In the listing below, locate the line containing "#97=DIRECTION('',(0.,0.,-1.));" and the line containing "#129=ORIENTED_EDGE('',*,*,#128,.F.);". Output both of them and every line between, exactly as written, and nothing more.

[Records shown Boundary: Start]

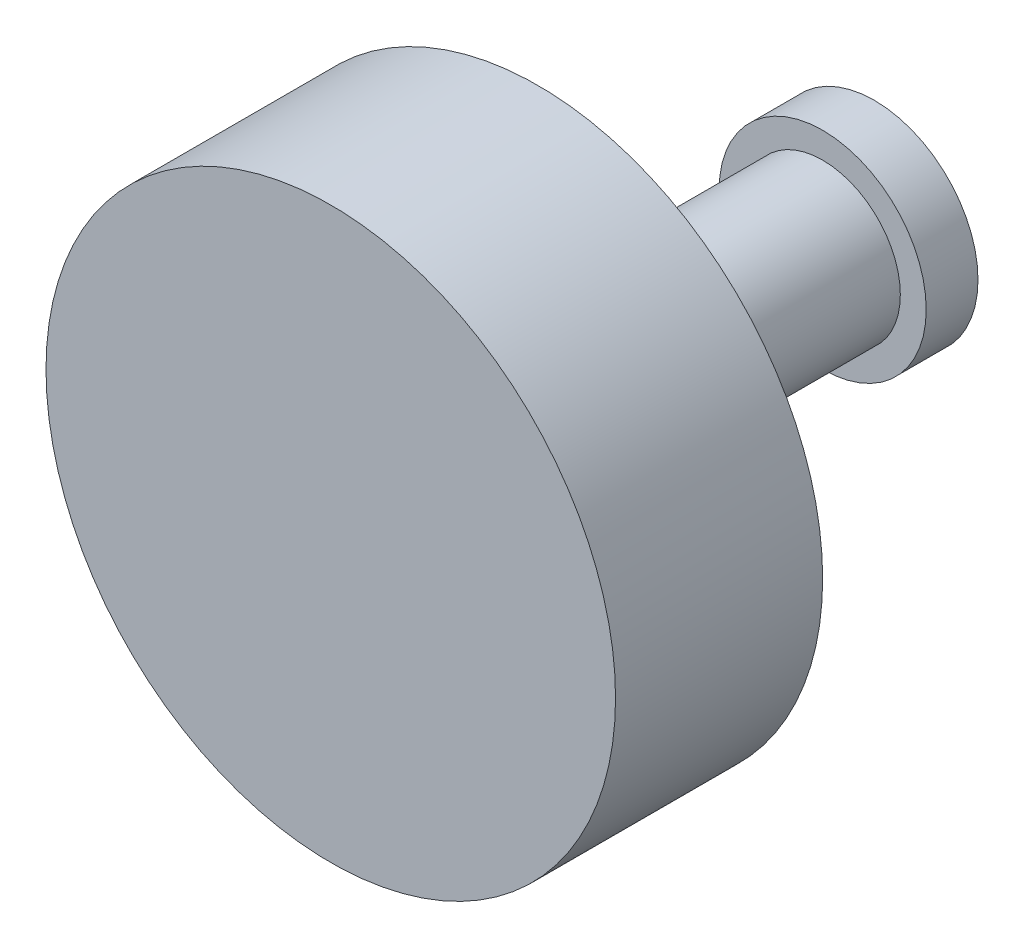
ISO-10303-21;
HEADER;
FILE_DESCRIPTION(('STEP AP214'),'2;1');
FILE_NAME('part.step','',(''),(''),'','','');
FILE_SCHEMA(('AUTOMOTIVE_DESIGN { 1 0 10303 214 1 1 1 1 }'));
ENDSEC;
DATA;
#1=APPLICATION_CONTEXT('core data for automotive mechanical design processes');
#2=APPLICATION_PROTOCOL_DEFINITION('international standard','automotive_design',2000,#1);
#3=PRODUCT_CONTEXT('',#1,'mechanical');
#4=PRODUCT('Part','Part','',(#3));
#5=PRODUCT_RELATED_PRODUCT_CATEGORY('part','',(#4));
#6=PRODUCT_DEFINITION_FORMATION('','',#4);
#7=PRODUCT_DEFINITION_CONTEXT('part definition',#1,'design');
#8=PRODUCT_DEFINITION('design','',#6,#7);
#9=PRODUCT_DEFINITION_SHAPE('','',#8);
#10=(LENGTH_UNIT() NAMED_UNIT(*) SI_UNIT(.MILLI.,.METRE.));
#11=(NAMED_UNIT(*) PLANE_ANGLE_UNIT() SI_UNIT($,.RADIAN.));
#12=(NAMED_UNIT(*) SI_UNIT($,.STERADIAN.) SOLID_ANGLE_UNIT());
#13=UNCERTAINTY_MEASURE_WITH_UNIT(LENGTH_MEASURE(1.E-05),#10,'distance_accuracy_value','');
#14=(GEOMETRIC_REPRESENTATION_CONTEXT(3) GLOBAL_UNCERTAINTY_ASSIGNED_CONTEXT((#13)) GLOBAL_UNIT_ASSIGNED_CONTEXT((#10,
#11,#12)) REPRESENTATION_CONTEXT('',''));
#15=CARTESIAN_POINT('',(0.,0.,0.));
#16=DIRECTION('',(0.,0.,1.));
#17=DIRECTION('',(1.,0.,0.));
#18=AXIS2_PLACEMENT_3D('',#15,#16,#17);
#19=CARTESIAN_POINT('',(0.,0.,0.));
#20=DIRECTION('',(0.,0.,1.));
#21=DIRECTION('',(1.,0.,0.));
#22=AXIS2_PLACEMENT_3D('',#19,#20,#21);
#23=PLANE('',#22);
#24=CARTESIAN_POINT('',(0.,0.,0.));
#25=DIRECTION('',(0.,0.,1.));
#26=DIRECTION('',(1.,0.,0.));
#27=AXIS2_PLACEMENT_3D('',#24,#25,#26);
#28=CIRCLE('',#27,37.95);
#29=CARTESIAN_POINT('',(37.95,0.,0.));
#30=VERTEX_POINT('',#29);
#31=EDGE_CURVE('E42',#30,#30,#28,.T.);
#32=ORIENTED_EDGE('',*,*,#31,.F.);
#33=EDGE_LOOP('',(#32));
#34=FACE_BOUND('',#33,.T.);
#35=CARTESIAN_POINT('',(0.,0.,0.));
#36=DIRECTION('',(0.,0.,1.));
#37=DIRECTION('',(1.,0.,0.));
#38=AXIS2_PLACEMENT_3D('',#35,#36,#37);
#39=CIRCLE('',#38,10.35);
#40=CARTESIAN_POINT('',(10.35,0.,0.));
#41=VERTEX_POINT('',#40);
#42=EDGE_CURVE('E10',#41,#41,#39,.F.);
#43=ORIENTED_EDGE('',*,*,#42,.F.);
#44=EDGE_LOOP('',(#43));
#45=FACE_BOUND('',#44,.T.);
#46=ADVANCED_FACE('F31',(#34,#45),#23,.F.);
#47=CARTESIAN_POINT('',(0.,0.,27.6));
#48=DIRECTION('',(0.,0.,-1.));
#49=DIRECTION('',(-1.,0.,0.));
#50=AXIS2_PLACEMENT_3D('',#47,#48,#49);
#51=CYLINDRICAL_SURFACE('',#50,37.95);
#52=CARTESIAN_POINT('',(0.,0.,27.6));
#53=DIRECTION('',(0.,0.,1.));
#54=DIRECTION('',(1.,0.,0.));
#55=AXIS2_PLACEMENT_3D('',#52,#53,#54);
#56=CIRCLE('',#55,37.95);
#57=CARTESIAN_POINT('',(37.95,0.,27.6));
#58=VERTEX_POINT('',#57);
#59=EDGE_CURVE('E38',#58,#58,#56,.T.);
#60=ORIENTED_EDGE('',*,*,#59,.F.);
#61=EDGE_LOOP('',(#60));
#62=FACE_BOUND('',#61,.T.);
#63=ORIENTED_EDGE('',*,*,#31,.T.);
#64=EDGE_LOOP('',(#63));
#65=FACE_BOUND('',#64,.T.);
#66=ADVANCED_FACE('F33',(#62,#65),#51,.T.);
#67=CARTESIAN_POINT('',(0.,0.,27.6));
#68=DIRECTION('',(0.,0.,1.));
#69=DIRECTION('',(1.,0.,0.));
#70=AXIS2_PLACEMENT_3D('',#67,#68,#69);
#71=PLANE('',#70);
#72=ORIENTED_EDGE('',*,*,#59,.T.);
#73=EDGE_LOOP('',(#72));
#74=FACE_BOUND('',#73,.T.);
#75=ADVANCED_FACE('F74',(#74),#71,.T.);
#76=CARTESIAN_POINT('',(0.,0.,-37.95));
#77=DIRECTION('',(0.,0.,1.));
#78=DIRECTION('',(1.,0.,0.));
#79=AXIS2_PLACEMENT_3D('',#76,#77,#78);
#80=CYLINDRICAL_SURFACE('',#79,10.35);
#81=CARTESIAN_POINT('',(0.,0.,-37.95));
#82=DIRECTION('',(0.,0.,-1.));
#83=DIRECTION('',(-1.,0.,0.));
#84=AXIS2_PLACEMENT_3D('',#81,#82,#83);
#85=CIRCLE('',#84,10.35);
#86=CARTESIAN_POINT('',(-10.35,0.,-37.95));
#87=VERTEX_POINT('',#86);
#88=EDGE_CURVE('E47',#87,#87,#85,.T.);
#89=ORIENTED_EDGE('',*,*,#88,.F.);
#90=EDGE_LOOP('',(#89));
#91=FACE_BOUND('',#90,.T.);
#92=ORIENTED_EDGE('',*,*,#42,.T.);
#93=EDGE_LOOP('',(#92));
#94=FACE_BOUND('',#93,.T.);
#95=ADVANCED_FACE('F69',(#91,#94),#80,.T.);
#96=CARTESIAN_POINT('',(0.,0.,-37.95));
#97=DIRECTION('',(0.,0.,-1.));
#98=DIRECTION('',(-1.,0.,0.));
#99=AXIS2_PLACEMENT_3D('',#96,#97,#98);
#100=PLANE('',#99);
#101=CARTESIAN_POINT('',(0.,0.,-37.95));
#102=DIRECTION('',(0.,0.,-1.));
#103=DIRECTION('',(-1.,0.,0.));
#104=AXIS2_PLACEMENT_3D('',#101,#102,#103);
#105=CIRCLE('',#104,13.8);
#106=CARTESIAN_POINT('',(-13.8,0.,-37.95));
#107=VERTEX_POINT('',#106);
#108=EDGE_CURVE('E52',#107,#107,#105,.T.);
#109=ORIENTED_EDGE('',*,*,#108,.F.);
#110=EDGE_LOOP('',(#109));
#111=FACE_BOUND('',#110,.T.);
#112=ORIENTED_EDGE('',*,*,#88,.T.);
#113=EDGE_LOOP('',(#112));
#114=FACE_BOUND('',#113,.T.);
#115=ADVANCED_FACE('F63',(#111,#114),#100,.F.);
#116=CARTESIAN_POINT('',(0.,0.,-44.85));
#117=DIRECTION('',(0.,0.,1.));
#118=DIRECTION('',(1.,0.,0.));
#119=AXIS2_PLACEMENT_3D('',#116,#117,#118);
#120=CYLINDRICAL_SURFACE('',#119,13.8);
#121=CARTESIAN_POINT('',(0.,0.,-44.85));
#122=DIRECTION('',(0.,0.,-1.));
#123=DIRECTION('',(-1.,0.,0.));
#124=AXIS2_PLACEMENT_3D('',#121,#122,#123);
#125=CIRCLE('',#124,13.8);
#126=CARTESIAN_POINT('',(-13.8,0.,-44.85));
#127=VERTEX_POINT('',#126);
#128=EDGE_CURVE('E51',#127,#127,#125,.T.);
#129=ORIENTED_EDGE('',*,*,#128,.F.);
#130=EDGE_LOOP('',(#129));
#131=FACE_BOUND('',#130,.T.);
#132=ORIENTED_EDGE('',*,*,#108,.T.);
#133=EDGE_LOOP('',(#132));
#134=FACE_BOUND('',#133,.T.);
#135=ADVANCED_FACE('F60',(#131,#134),#120,.T.);
#136=CARTESIAN_POINT('',(0.,0.,-44.85));
#137=DIRECTION('',(0.,0.,-1.));
#138=DIRECTION('',(-1.,0.,0.));
#139=AXIS2_PLACEMENT_3D('',#136,#137,#138);
#140=PLANE('',#139);
#141=ORIENTED_EDGE('',*,*,#128,.T.);
#142=EDGE_LOOP('',(#141));
#143=FACE_BOUND('',#142,.T.);
#144=ADVANCED_FACE('F58',(#143),#140,.T.);
#145=CLOSED_SHELL('',(#46,#66,#75,#95,#115,#135,#144));
#146=MANIFOLD_SOLID_BREP('B2',#145);
#147=ADVANCED_BREP_SHAPE_REPRESENTATION('',(#18,#146),#14);
#148=SHAPE_DEFINITION_REPRESENTATION(#9,#147);
ENDSEC;
END-ISO-10303-21;

[Records shown Boundary: End]

→ **Your solution**
#97=DIRECTION('',(0.,0.,-1.));
#98=DIRECTION('',(-1.,0.,0.));
#99=AXIS2_PLACEMENT_3D('',#96,#97,#98);
#100=PLANE('',#99);
#101=CARTESIAN_POINT('',(0.,0.,-37.95));
#102=DIRECTION('',(0.,0.,-1.));
#103=DIRECTION('',(-1.,0.,0.));
#104=AXIS2_PLACEMENT_3D('',#101,#102,#103);
#105=CIRCLE('',#104,13.8);
#106=CARTESIAN_POINT('',(-13.8,0.,-37.95));
#107=VERTEX_POINT('',#106);
#108=EDGE_CURVE('E52',#107,#107,#105,.T.);
#109=ORIENTED_EDGE('',*,*,#108,.F.);
#110=EDGE_LOOP('',(#109));
#111=FACE_BOUND('',#110,.T.);
#112=ORIENTED_EDGE('',*,*,#88,.T.);
#113=EDGE_LOOP('',(#112));
#114=FACE_BOUND('',#113,.T.);
#115=ADVANCED_FACE('F63',(#111,#114),#100,.F.);
#116=CARTESIAN_POINT('',(0.,0.,-44.85));
#117=DIRECTION('',(0.,0.,1.));
#118=DIRECTION('',(1.,0.,0.));
#119=AXIS2_PLACEMENT_3D('',#116,#117,#118);
#120=CYLINDRICAL_SURFACE('',#119,13.8);
#121=CARTESIAN_POINT('',(0.,0.,-44.85));
#122=DIRECTION('',(0.,0.,-1.));
#123=DIRECTION('',(-1.,0.,0.));
#124=AXIS2_PLACEMENT_3D('',#121,#122,#123);
#125=CIRCLE('',#124,13.8);
#126=CARTESIAN_POINT('',(-13.8,0.,-44.85));
#127=VERTEX_POINT('',#126);
#128=EDGE_CURVE('E51',#127,#127,#125,.T.);
#129=ORIENTED_EDGE('',*,*,#128,.F.);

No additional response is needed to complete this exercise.